International Citi downgrades 2016 global growth forecast Citi economists marked down their forecast on 2016 global economic expansion to 2.5 percent from 2.7 percent due to slowing activity in developed economies in addition to weakening emerging markets. They said there is a risk the world economy may grow below 2 percent due to a probable “mismeasurement” of Chinese growth data and possibly a more severe than expected deterioration among emerging economies. “Global growth prospects are worsening further, with deterioration across advanced economies alongside previous weakness in emerging markets,” Citi economists wrote in a research note.

Brazilian Senate passes bill to relax Petrobras dominance Brazil’s Senate on Wednesday passed a bill that reduces Petrobras control over some of the country’s most promising offshore oil resources, in an attempt to kick start the country’s oil industry hammered by low oil prices and a corruption scandal at the state-run oil company. The Senate passed the bill, 40-26, ending a requirement that Petroleo Brasileiro SA, as the company is formally known, operate all new developments in an offshore region known as the Subsalt Poligon and provide at least 30 percent of investment.

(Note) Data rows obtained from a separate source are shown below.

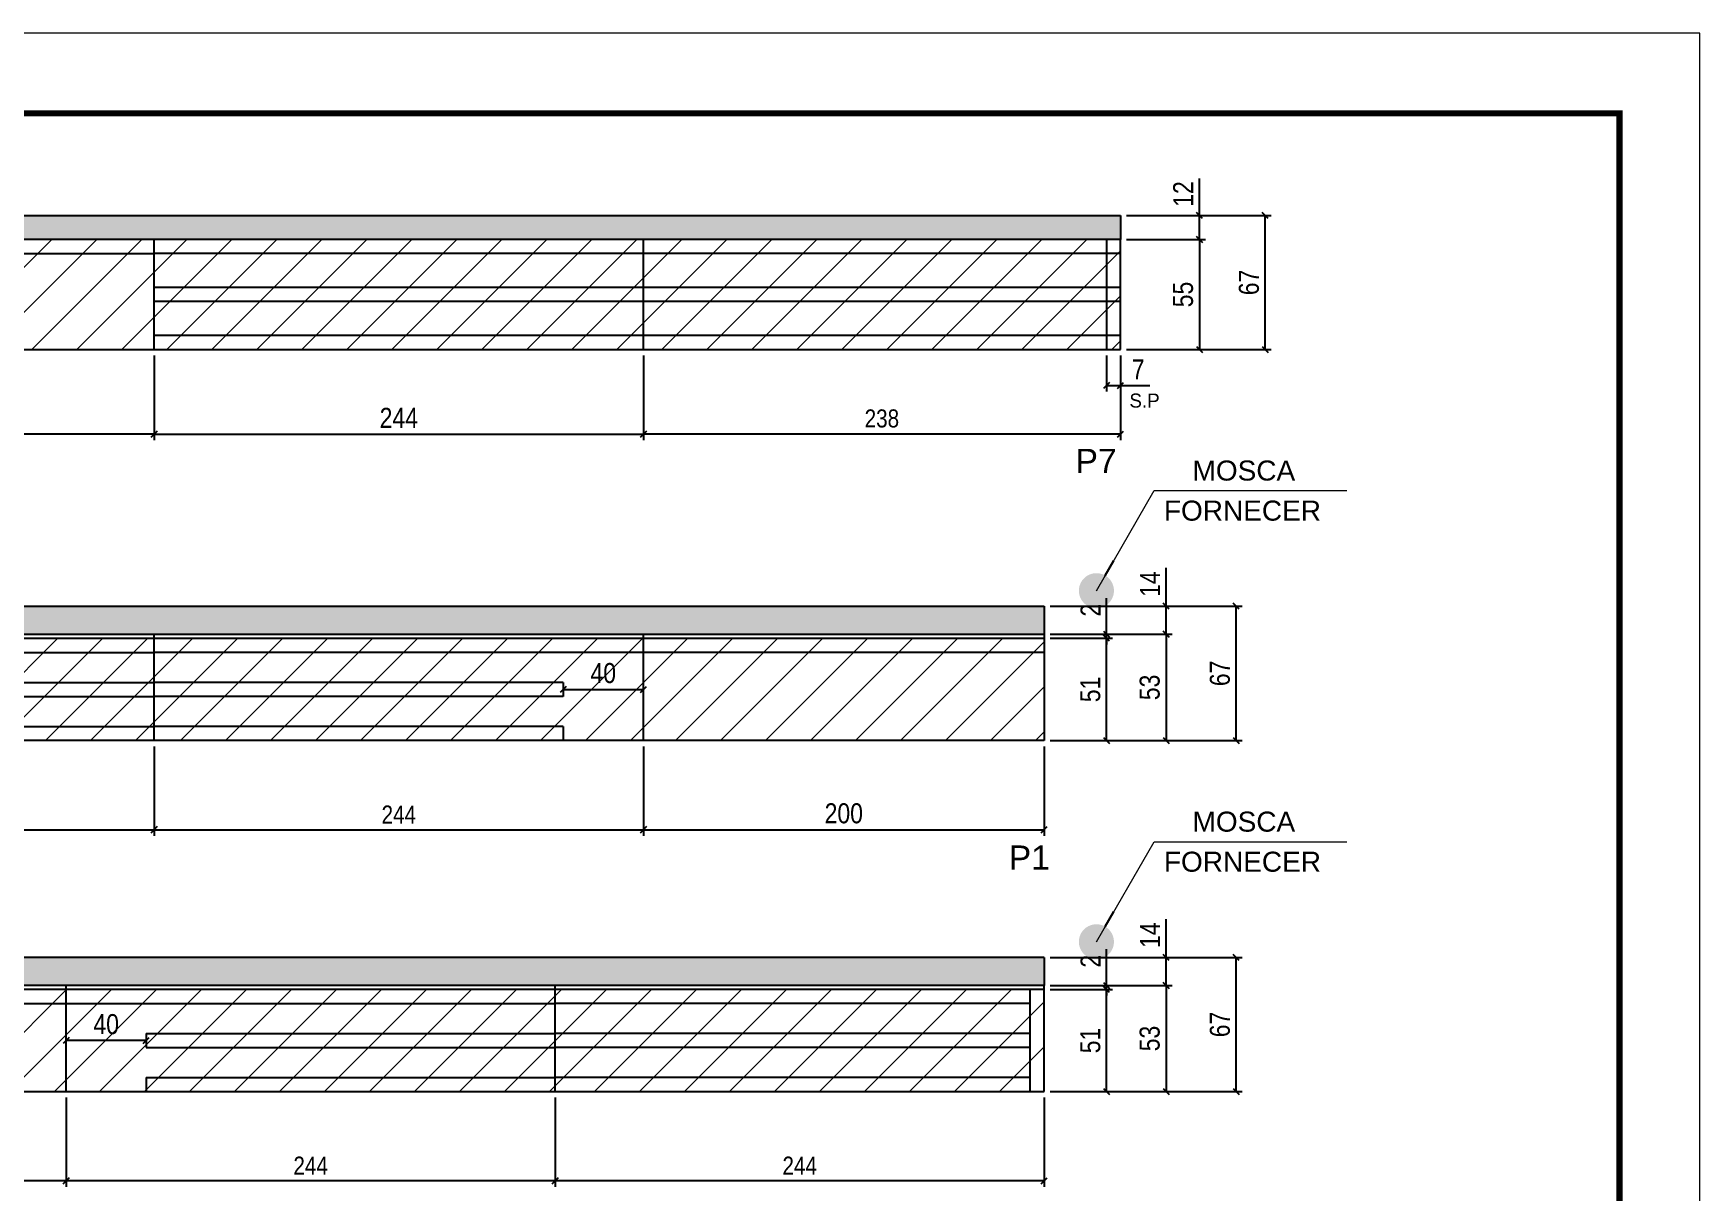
# Model space of a CAD drawing. Extents: x 3330 to 22105, y 1197 to 30204.
# Drawn here: x 13500 to 14331, y 24641 to 25219 of the extents above; entities that cross this region are included whole.
import ezdxf
from ezdxf.enums import TextEntityAlignment as Align

# ---------------------------------------------------------------- set-up
doc = ezdxf.new("R2010")
doc.units = 0
doc.linetypes.add('DASHED', pattern=[0.75, 0.5, -0.25])
doc.linetypes.add('HIDDEN', pattern=[0.375, 0.25, -0.125])
for name, color, linetype in [('5', 5, 'Continuous'), ('COTA', 241, 'Continuous'), ('Painéis', 200, 'Continuous'), ('SARR_2.2x7', 40, 'Continuous'), ('texto', 7, 'Continuous')]:
    doc.layers.add(name, color=color, linetype=linetype)
for name, color, linetype, lineweight in [('CARIMBO', 255, 'Continuous', 9), ('Folhas', 255, 'Continuous', 9), ('Hachura', 251, 'Continuous', 9), ('SARRAFO DE PRESSAO', 251, 'DASHED', 9)]:
    doc.layers.add(name, color=color, linetype=linetype, lineweight=lineweight)
doc.styles.add('ARIAL', font='arial.ttf')
doc.styles.add('COTA TECNICA', font='techl___.ttf', dxfattribs={"height": 10})
doc.styles.add('COTA TECNICA-50', font='techl___.ttf', dxfattribs={"height": 9})
doc.styles.add('ROMAS860', font='ROMAS860.SHX')
doc.styles.get("Standard").update_dxf_attribs({"font": 'arial.ttf'})
doc.dimstyles.new('3x', dxfattribs={"dimtxt": 10, "dimasz": 5, "dimexe": 7, "dimexo": 5, "dimgap": 4, "dimtad": 1, "dimdec": 4, "dimlfac": 0.333333, "dimdsep": 46, "dimtxsty": 'Standard', "dimblk": 'DOT', "dimcen": 0.09, "dimclrd": 1, "dimclre": 1, "dimclrt": 2, "dimadec": 0, "dimazin": 2, "dimtfac": 1, "dimtdec": 4, "dimtmove": 0, "dimatfit": 3, "dimldrblk": 'DOT', "dimfxl": 1, "dimtolj": 1, "dimtzin": 0, "dimlwd": 9, "dimlwe": 9, "dimarcsym": 0})
doc.dimstyles.new('COTA PAINEL-50', dxfattribs={"dimtxt": 9, "dimasz": 3, "dimexe": 3, "dimexo": 3, "dimgap": 3, "dimtad": 1, "dimdec": 1, "dimzin": 12, "dimdsep": 46, "dimtxsty": 'COTA TECNICA-50', "dimblk1": 'OBLIQUE', "dimblk2": 'OBLIQUE', "dimsah": 1, "dimcen": 0.9, "dimclrd": 4, "dimclre": 4, "dimclrt": 240, "dimadec": 1, "dimazin": 3, "dimtfac": 1, "dimtdec": 1, "dimtmove": 0, "dimatfit": 3, "dimfxl": 1, "dimtolj": 1, "dimtzin": 12, "dimarcsym": 0})
doc.dimstyles.new('PAINEL', dxfattribs={"dimtxt": 10, "dimasz": 3, "dimexe": 3, "dimexo": 3, "dimgap": 3, "dimtad": 1, "dimdec": 1, "dimzin": 12, "dimdsep": 46, "dimtxsty": 'COTA TECNICA', "dimblk1": 'OBLIQUE', "dimblk2": 'OBLIQUE', "dimsah": 1, "dimcen": 0.9, "dimclrd": 4, "dimclre": 4, "dimclrt": 240, "dimadec": 1, "dimazin": 3, "dimtfac": 1, "dimtdec": 1, "dimtmove": 0, "dimatfit": 3, "dimfxl": 1, "dimtolj": 1, "dimtzin": 12, "dimarcsym": 0})

# ---------------------------------------------------------------- blocks, each defined once
blk = doc.blocks.new('9999999999')
at = {"layer": 'Folhas'}
blk.add_lwpolyline([(98138.98, 34190.21), (99623.98, 34190.21), (99623.98, 35240.21), (98138.98, 35240.21)], close=True, dxfattribs=at)
at = {"layer": 'Folhas', "color": 30, "const_width": 3}
blk.add_lwpolyline([(98213.98, 34230.21), (99583.98, 34230.21), (99583.98, 35200.21), (98213.98, 35200.21)], close=True, dxfattribs=at)
blk = doc.blocks.new('_Oblique')
at = {"color": 0, "linetype": 'ByBlock', "lineweight": -2}
blk.add_line((-0.5, -0.5), (0.5, 0.5), dxfattribs=at)
blk = doc.blocks.new('*D548')
at = {"layer": 'COTA', "color": 4, "linetype": 'ByBlock', "lineweight": -2, "transparency": 16777216}
for p, q in [((13804.05, 25057.97), (13804.05, 25015.83)), ((14042.05, 25057.97), (14042.05, 25015.83)), ((14042.05, 25018.83), (13804.05, 25018.83))]:
    blk.add_line(p, q, dxfattribs=at)
at = {"layer": 'Defpoints', "color": 0, "linetype": 'ByBlock', "transparency": 16777216}
for p in [(13804.05, 25060.97), (14042.05, 25060.97), (13804.05, 25018.83)]:
    blk.add_point(p, dxfattribs=at)
at = {"layer": 'COTA', "color": 4, "linetype": 'ByBlock', "lineweight": -2, "transparency": 16777216, "xscale": 3, "yscale": 3, "zscale": 3, "rotation": 180}
blk.add_blockref('_Oblique', (13804.05, 25018.83), dxfattribs=at)
at = {"layer": 'COTA', "color": 4, "linetype": 'ByBlock', "lineweight": -2, "transparency": 16777216, "xscale": 3, "yscale": 3, "zscale": 3}
blk.add_blockref('_Oblique', (14042.05, 25018.83), dxfattribs=at)
at = {"layer": 'COTA', "color": 240, "linetype": 'ByBlock', "transparency": 16777216, "insert": (13923.05, 25026.55), "char_height": 9, "attachment_point": 5, "style": 'COTA TECNICA-50'}
blk.add_mtext('\\A1;238', dxfattribs=at)
blk = doc.blocks.new('*D549')
at = {"layer": 'COTA', "color": 4, "linetype": 'ByBlock', "lineweight": -2, "transparency": 16777216}
for p, q in [((13316.05, 25057.97), (13316.05, 25015.83)), ((13560.05, 25057.97), (13560.05, 25015.83)), ((13560.05, 25018.83), (13316.05, 25018.83))]:
    blk.add_line(p, q, dxfattribs=at)
at = {"layer": 'Defpoints', "color": 0, "linetype": 'ByBlock', "transparency": 16777216}
for p in [(13316.05, 25060.97), (13560.05, 25060.97), (13316.05, 25018.83)]:
    blk.add_point(p, dxfattribs=at)
at = {"layer": 'COTA', "color": 4, "linetype": 'ByBlock', "lineweight": -2, "transparency": 16777216, "xscale": 3, "yscale": 3, "zscale": 3, "rotation": 180}
blk.add_blockref('_Oblique', (13316.05, 25018.83), dxfattribs=at)
at = {"layer": 'COTA', "color": 4, "linetype": 'ByBlock', "lineweight": -2, "transparency": 16777216, "xscale": 3, "yscale": 3, "zscale": 3}
blk.add_blockref('_Oblique', (13560.05, 25018.83), dxfattribs=at)
at = {"layer": 'COTA', "color": 240, "linetype": 'ByBlock', "transparency": 16777216, "insert": (13438.05, 25026.4), "char_height": 9, "attachment_point": 5, "style": 'COTA TECNICA-50'}
blk.add_mtext('\\A1;244', dxfattribs=at)
blk = doc.blocks.new('*D517')
at = {"layer": 'COTA', "color": 4, "linetype": 'ByBlock', "lineweight": -2, "transparency": 16777216}
for p, q in [((14045.05, 25115.97), (14084.45, 25115.97)), ((14081.45, 25115.97), (14081.45, 25060.97)), ((14045.05, 25060.97), (14084.45, 25060.97))]:
    blk.add_line(p, q, dxfattribs=at)
at = {"layer": 'Defpoints', "color": 0, "linetype": 'ByBlock', "transparency": 16777216}
for p in [(14042.05, 25115.97), (14042.05, 25060.97), (14081.45, 25060.97)]:
    blk.add_point(p, dxfattribs=at)
at = {"layer": 'COTA', "color": 4, "linetype": 'ByBlock', "lineweight": -2, "transparency": 16777216, "xscale": 3, "yscale": 3, "zscale": 3}
for p, rotation in [((14081.45, 25115.97), 90), ((14081.45, 25060.97), 270)]:
    blk.add_blockref('_Oblique', p, dxfattribs=dict(at, rotation=rotation))
at = {"layer": 'COTA', "color": 240, "linetype": 'ByBlock', "transparency": 16777216, "insert": (14073.34, 25088.47), "char_height": 10, "attachment_point": 5, "rotation": 90, "style": 'COTA TECNICA'}
blk.add_mtext('\\A1;55', dxfattribs=at)
blk = doc.blocks.new('*D518')
at = {"layer": 'COTA', "color": 4, "linetype": 'ByBlock', "lineweight": -2, "transparency": 16777216}
for p, q in [((14081.45, 25127.97), (14081.45, 25146.29)), ((14045.05, 25127.97), (14084.45, 25127.97)), ((14081.45, 25115.97), (14081.45, 25127.97)), ((14045.05, 25115.97), (14084.45, 25115.97))]:
    blk.add_line(p, q, dxfattribs=at)
at = {"layer": 'Defpoints', "color": 0, "linetype": 'ByBlock', "transparency": 16777216}
for p in [(14042.05, 25127.97), (14081.45, 25127.97), (14042.05, 25115.97)]:
    blk.add_point(p, dxfattribs=at)
at = {"layer": 'COTA', "color": 4, "linetype": 'ByBlock', "lineweight": -2, "transparency": 16777216, "xscale": 3, "yscale": 3, "zscale": 3}
for p, rotation in [((14081.45, 25127.97), 90), ((14081.45, 25115.97), 270)]:
    blk.add_blockref('_Oblique', p, dxfattribs=dict(at, rotation=rotation))
at = {"layer": 'COTA', "color": 240, "linetype": 'ByBlock', "transparency": 16777216, "insert": (14073.39, 25138.63), "char_height": 10, "attachment_point": 5, "rotation": 90, "style": 'COTA TECNICA'}
blk.add_mtext('\\A1;12', dxfattribs=at)
blk = doc.blocks.new('*D519')
at = {"layer": 'COTA', "color": 4, "linetype": 'ByBlock', "lineweight": -2, "transparency": 16777216}
for p, q in [((14045.05, 25127.97), (14117.32, 25127.97)), ((14114.32, 25060.97), (14114.32, 25127.97)), ((14045.05, 25060.97), (14117.32, 25060.97))]:
    blk.add_line(p, q, dxfattribs=at)
at = {"layer": 'Defpoints', "color": 0, "linetype": 'ByBlock', "transparency": 16777216}
for p in [(14042.05, 25127.97), (14114.32, 25127.97), (14042.05, 25060.97)]:
    blk.add_point(p, dxfattribs=at)
at = {"layer": 'COTA', "color": 4, "linetype": 'ByBlock', "lineweight": -2, "transparency": 16777216, "xscale": 3, "yscale": 3, "zscale": 3}
for p, rotation in [((14114.32, 25127.97), 90), ((14114.32, 25060.97), 270)]:
    blk.add_blockref('_Oblique', p, dxfattribs=dict(at, rotation=rotation))
at = {"layer": 'COTA', "color": 240, "linetype": 'ByBlock', "transparency": 16777216, "insert": (14106.22, 25094.47), "char_height": 10, "attachment_point": 5, "rotation": 90, "style": 'COTA TECNICA'}
blk.add_mtext('\\A1;67', dxfattribs=at)
blk = doc.blocks.new('*D520')
at = {"layer": 'COTA', "color": 4, "linetype": 'ByBlock', "lineweight": -2, "transparency": 16777216}
for p, q in [((14035.05, 25057.97), (14035.05, 25039.98)), ((14042.05, 25057.97), (14042.05, 25039.98)), ((14035.05, 25042.98), (14042.05, 25042.98)), ((14042.05, 25042.98), (14056.78, 25042.98))]:
    blk.add_line(p, q, dxfattribs=at)
at = {"layer": 'Defpoints', "color": 0, "linetype": 'ByBlock', "transparency": 16777216}
for p in [(14035.05, 25060.97), (14042.05, 25060.97), (14042.05, 25042.98)]:
    blk.add_point(p, dxfattribs=at)
at = {"layer": 'COTA', "color": 4, "linetype": 'ByBlock', "lineweight": -2, "transparency": 16777216, "xscale": 3, "yscale": 3, "zscale": 3, "rotation": 180}
blk.add_blockref('_Oblique', (14035.05, 25042.98), dxfattribs=at)
at = {"layer": 'COTA', "color": 4, "linetype": 'ByBlock', "lineweight": -2, "transparency": 16777216, "xscale": 3, "yscale": 3, "zscale": 3}
blk.add_blockref('_Oblique', (14042.05, 25042.98), dxfattribs=at)
at = {"layer": 'COTA', "color": 240, "linetype": 'ByBlock', "transparency": 16777216, "insert": (14050.92, 25051.05), "char_height": 10, "attachment_point": 5, "style": 'COTA TECNICA'}
blk.add_mtext('\\A1;7', dxfattribs=at)
blk = doc.blocks.new('*D521')
at = {"layer": 'COTA', "color": 4, "linetype": 'ByBlock', "lineweight": -2, "transparency": 16777216}
for p, q in [((13316.05, 24862.86), (13316.05, 24818.36)), ((13560.05, 24862.86), (13560.05, 24818.36)), ((13316.05, 24821.36), (13560.05, 24821.36))]:
    blk.add_line(p, q, dxfattribs=at)
at = {"layer": 'Defpoints', "color": 0, "linetype": 'ByBlock', "transparency": 16777216}
for p in [(13316.05, 24865.86), (13560.05, 24865.86), (13560.05, 24821.36)]:
    blk.add_point(p, dxfattribs=at)
at = {"layer": 'COTA', "color": 4, "linetype": 'ByBlock', "lineweight": -2, "transparency": 16777216, "xscale": 3, "yscale": 3, "zscale": 3, "rotation": 180}
blk.add_blockref('_Oblique', (13316.05, 24821.36), dxfattribs=at)
at = {"layer": 'COTA', "color": 4, "linetype": 'ByBlock', "lineweight": -2, "transparency": 16777216, "xscale": 3, "yscale": 3, "zscale": 3}
blk.add_blockref('_Oblique', (13560.05, 24821.36), dxfattribs=at)
at = {"layer": 'COTA', "color": 240, "linetype": 'ByBlock', "transparency": 16777216, "insert": (13438.05, 24828.92), "char_height": 9, "attachment_point": 5, "style": 'COTA TECNICA-50'}
blk.add_mtext('\\A1;244', dxfattribs=at)
blk = doc.blocks.new('*D522')
at = {"layer": 'COTA', "color": 4, "linetype": 'ByBlock', "lineweight": -2, "transparency": 16777216}
for p, q in [((13560.05, 24862.86), (13560.05, 24818.36)), ((13804.05, 24862.86), (13804.05, 24818.36)), ((13560.05, 24821.36), (13804.05, 24821.36))]:
    blk.add_line(p, q, dxfattribs=at)
at = {"layer": 'Defpoints', "color": 0, "linetype": 'ByBlock', "transparency": 16777216}
for p in [(13560.05, 24865.86), (13804.05, 24865.86), (13804.05, 24821.36)]:
    blk.add_point(p, dxfattribs=at)
at = {"layer": 'COTA', "color": 4, "linetype": 'ByBlock', "lineweight": -2, "transparency": 16777216, "xscale": 3, "yscale": 3, "zscale": 3, "rotation": 180}
blk.add_blockref('_Oblique', (13560.05, 24821.36), dxfattribs=at)
at = {"layer": 'COTA', "color": 4, "linetype": 'ByBlock', "lineweight": -2, "transparency": 16777216, "xscale": 3, "yscale": 3, "zscale": 3}
blk.add_blockref('_Oblique', (13804.05, 24821.36), dxfattribs=at)
at = {"layer": 'COTA', "color": 240, "linetype": 'ByBlock', "transparency": 16777216, "insert": (13682.05, 24828.92), "char_height": 9, "attachment_point": 5, "style": 'COTA TECNICA-50'}
blk.add_mtext('\\A1;244', dxfattribs=at)
blk = doc.blocks.new('*D579')
at = {"layer": 'COTA', "color": 4, "linetype": 'ByBlock', "lineweight": -2, "transparency": 16777216}
for p, q in [((14064.93, 24932.86), (14064.93, 24951.98)), ((14007.05, 24932.86), (14067.93, 24932.86)), ((14064.93, 24918.86), (14064.93, 24932.86)), ((14007.05, 24918.86), (14067.93, 24918.86))]:
    blk.add_line(p, q, dxfattribs=at)
at = {"layer": 'Defpoints', "color": 0, "linetype": 'ByBlock', "transparency": 16777216}
for p in [(14004.05, 24932.86), (14064.93, 24932.86), (14004.05, 24918.86)]:
    blk.add_point(p, dxfattribs=at)
at = {"layer": 'COTA', "color": 4, "linetype": 'ByBlock', "lineweight": -2, "transparency": 16777216, "xscale": 3, "yscale": 3, "zscale": 3}
for p, rotation in [((14064.93, 24932.86), 90), ((14064.93, 24918.86), 270)]:
    blk.add_blockref('_Oblique', p, dxfattribs=dict(at, rotation=rotation))
at = {"layer": 'COTA', "color": 240, "linetype": 'ByBlock', "transparency": 16777216, "insert": (14056.86, 24943.92), "char_height": 10, "attachment_point": 5, "rotation": 90, "style": 'COTA TECNICA'}
blk.add_mtext('\\A1;14', dxfattribs=at)
blk = doc.blocks.new('*D580')
at = {"layer": 'COTA', "color": 4, "linetype": 'ByBlock', "lineweight": -2, "transparency": 16777216}
for p, q in [((14007.05, 24918.86), (14067.93, 24918.86)), ((14064.93, 24918.86), (14064.93, 24865.86)), ((14007.05, 24865.86), (14067.93, 24865.86))]:
    blk.add_line(p, q, dxfattribs=at)
at = {"layer": 'Defpoints', "color": 0, "linetype": 'ByBlock', "transparency": 16777216}
for p in [(14004.05, 24918.86), (14004.05, 24865.86), (14064.93, 24865.86)]:
    blk.add_point(p, dxfattribs=at)
at = {"layer": 'COTA', "color": 4, "linetype": 'ByBlock', "lineweight": -2, "transparency": 16777216, "xscale": 3, "yscale": 3, "zscale": 3}
for p, rotation in [((14064.93, 24918.86), 90), ((14064.93, 24865.86), 270)]:
    blk.add_blockref('_Oblique', p, dxfattribs=dict(at, rotation=rotation))
at = {"layer": 'COTA', "color": 240, "linetype": 'ByBlock', "transparency": 16777216, "insert": (14056.71, 24892.36), "char_height": 10, "attachment_point": 5, "rotation": 90, "style": 'COTA TECNICA'}
blk.add_mtext('\\A1;53', dxfattribs=at)
blk = doc.blocks.new('*D581')
at = {"layer": 'COTA', "color": 4, "linetype": 'ByBlock', "lineweight": -2, "transparency": 16777216}
for p, q in [((14007.05, 24932.86), (14102.83, 24932.86)), ((14099.83, 24865.86), (14099.83, 24932.86)), ((14007.05, 24865.86), (14102.83, 24865.86))]:
    blk.add_line(p, q, dxfattribs=at)
at = {"layer": 'Defpoints', "color": 0, "linetype": 'ByBlock', "transparency": 16777216}
for p in [(14004.05, 24932.86), (14099.83, 24932.86), (14004.05, 24865.86)]:
    blk.add_point(p, dxfattribs=at)
at = {"layer": 'COTA', "color": 4, "linetype": 'ByBlock', "lineweight": -2, "transparency": 16777216, "xscale": 3, "yscale": 3, "zscale": 3}
for p, rotation in [((14099.83, 24932.86), 90), ((14099.83, 24865.86), 270)]:
    blk.add_blockref('_Oblique', p, dxfattribs=dict(at, rotation=rotation))
at = {"layer": 'COTA', "color": 240, "linetype": 'ByBlock', "transparency": 16777216, "insert": (14091.73, 24899.36), "char_height": 10, "attachment_point": 5, "rotation": 90, "style": 'COTA TECNICA'}
blk.add_mtext('\\A1;67', dxfattribs=at)
blk = doc.blocks.new('*D582')
at = {"layer": 'COTA', "color": 4, "linetype": 'ByBlock', "lineweight": -2, "transparency": 16777216}
for p, q in [((14007.05, 24916.86), (14038.18, 24916.86)), ((14035.18, 24865.86), (14035.18, 24916.86)), ((14007.05, 24865.86), (14038.18, 24865.86))]:
    blk.add_line(p, q, dxfattribs=at)
at = {"layer": 'Defpoints', "color": 0, "linetype": 'ByBlock', "transparency": 16777216}
for p in [(14004.05, 24916.86), (14035.18, 24916.86), (14004.05, 24865.86)]:
    blk.add_point(p, dxfattribs=at)
at = {"layer": 'COTA', "color": 4, "linetype": 'ByBlock', "lineweight": -2, "transparency": 16777216, "xscale": 3, "yscale": 3, "zscale": 3}
for p, rotation in [((14035.18, 24916.86), 90), ((14035.18, 24865.86), 270)]:
    blk.add_blockref('_Oblique', p, dxfattribs=dict(at, rotation=rotation))
at = {"layer": 'COTA', "color": 240, "linetype": 'ByBlock', "transparency": 16777216, "insert": (14027.07, 24891.36), "char_height": 10, "attachment_point": 5, "rotation": 90, "style": 'COTA TECNICA'}
blk.add_mtext('\\A1;51', dxfattribs=at)
blk = doc.blocks.new('*D583')
at = {"layer": 'COTA', "color": 4, "linetype": 'ByBlock', "lineweight": -2, "transparency": 16777216}
for p, q in [((14035.18, 24918.86), (14035.18, 24936.97)), ((14007.05, 24918.86), (14038.18, 24918.86)), ((14007.05, 24916.86), (14038.18, 24916.86)), ((14035.18, 24916.86), (14035.18, 24918.86)), ((14035.18, 24916.86), (14035.18, 24913.86))]:
    blk.add_line(p, q, dxfattribs=at)
at = {"layer": 'Defpoints', "color": 0, "linetype": 'ByBlock', "transparency": 16777216}
for p in [(14004.05, 24918.86), (14004.05, 24916.86), (14035.18, 24918.86)]:
    blk.add_point(p, dxfattribs=at)
at = {"layer": 'COTA', "color": 4, "linetype": 'ByBlock', "lineweight": -2, "transparency": 16777216, "xscale": 3, "yscale": 3, "zscale": 3}
for p, rotation in [((14035.18, 24918.86), 270), ((14035.18, 24916.86), 90)]:
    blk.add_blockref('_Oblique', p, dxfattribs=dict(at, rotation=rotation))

Venezuela, Gold Reserve to settle arbitration dispute Venezuela and Canadian mining company Gold Reserve signed a memorandum of understanding to settle a protracted arbitration dispute over a gold concession through creation of a joint venture in the South American country. The deal would see Venezuela and Gold Reserve, which were embroiled in a dispute over the termination of the company’s Las Brisas gold concession in 2009, jointly exploit the Brisas and Las Cristinas mines, President Nicolas Maduro said. The deal’s fine print was not immediately clear, although Venezuela said the deal would result in a US$2 billion dollar loan for the crisis-hit country.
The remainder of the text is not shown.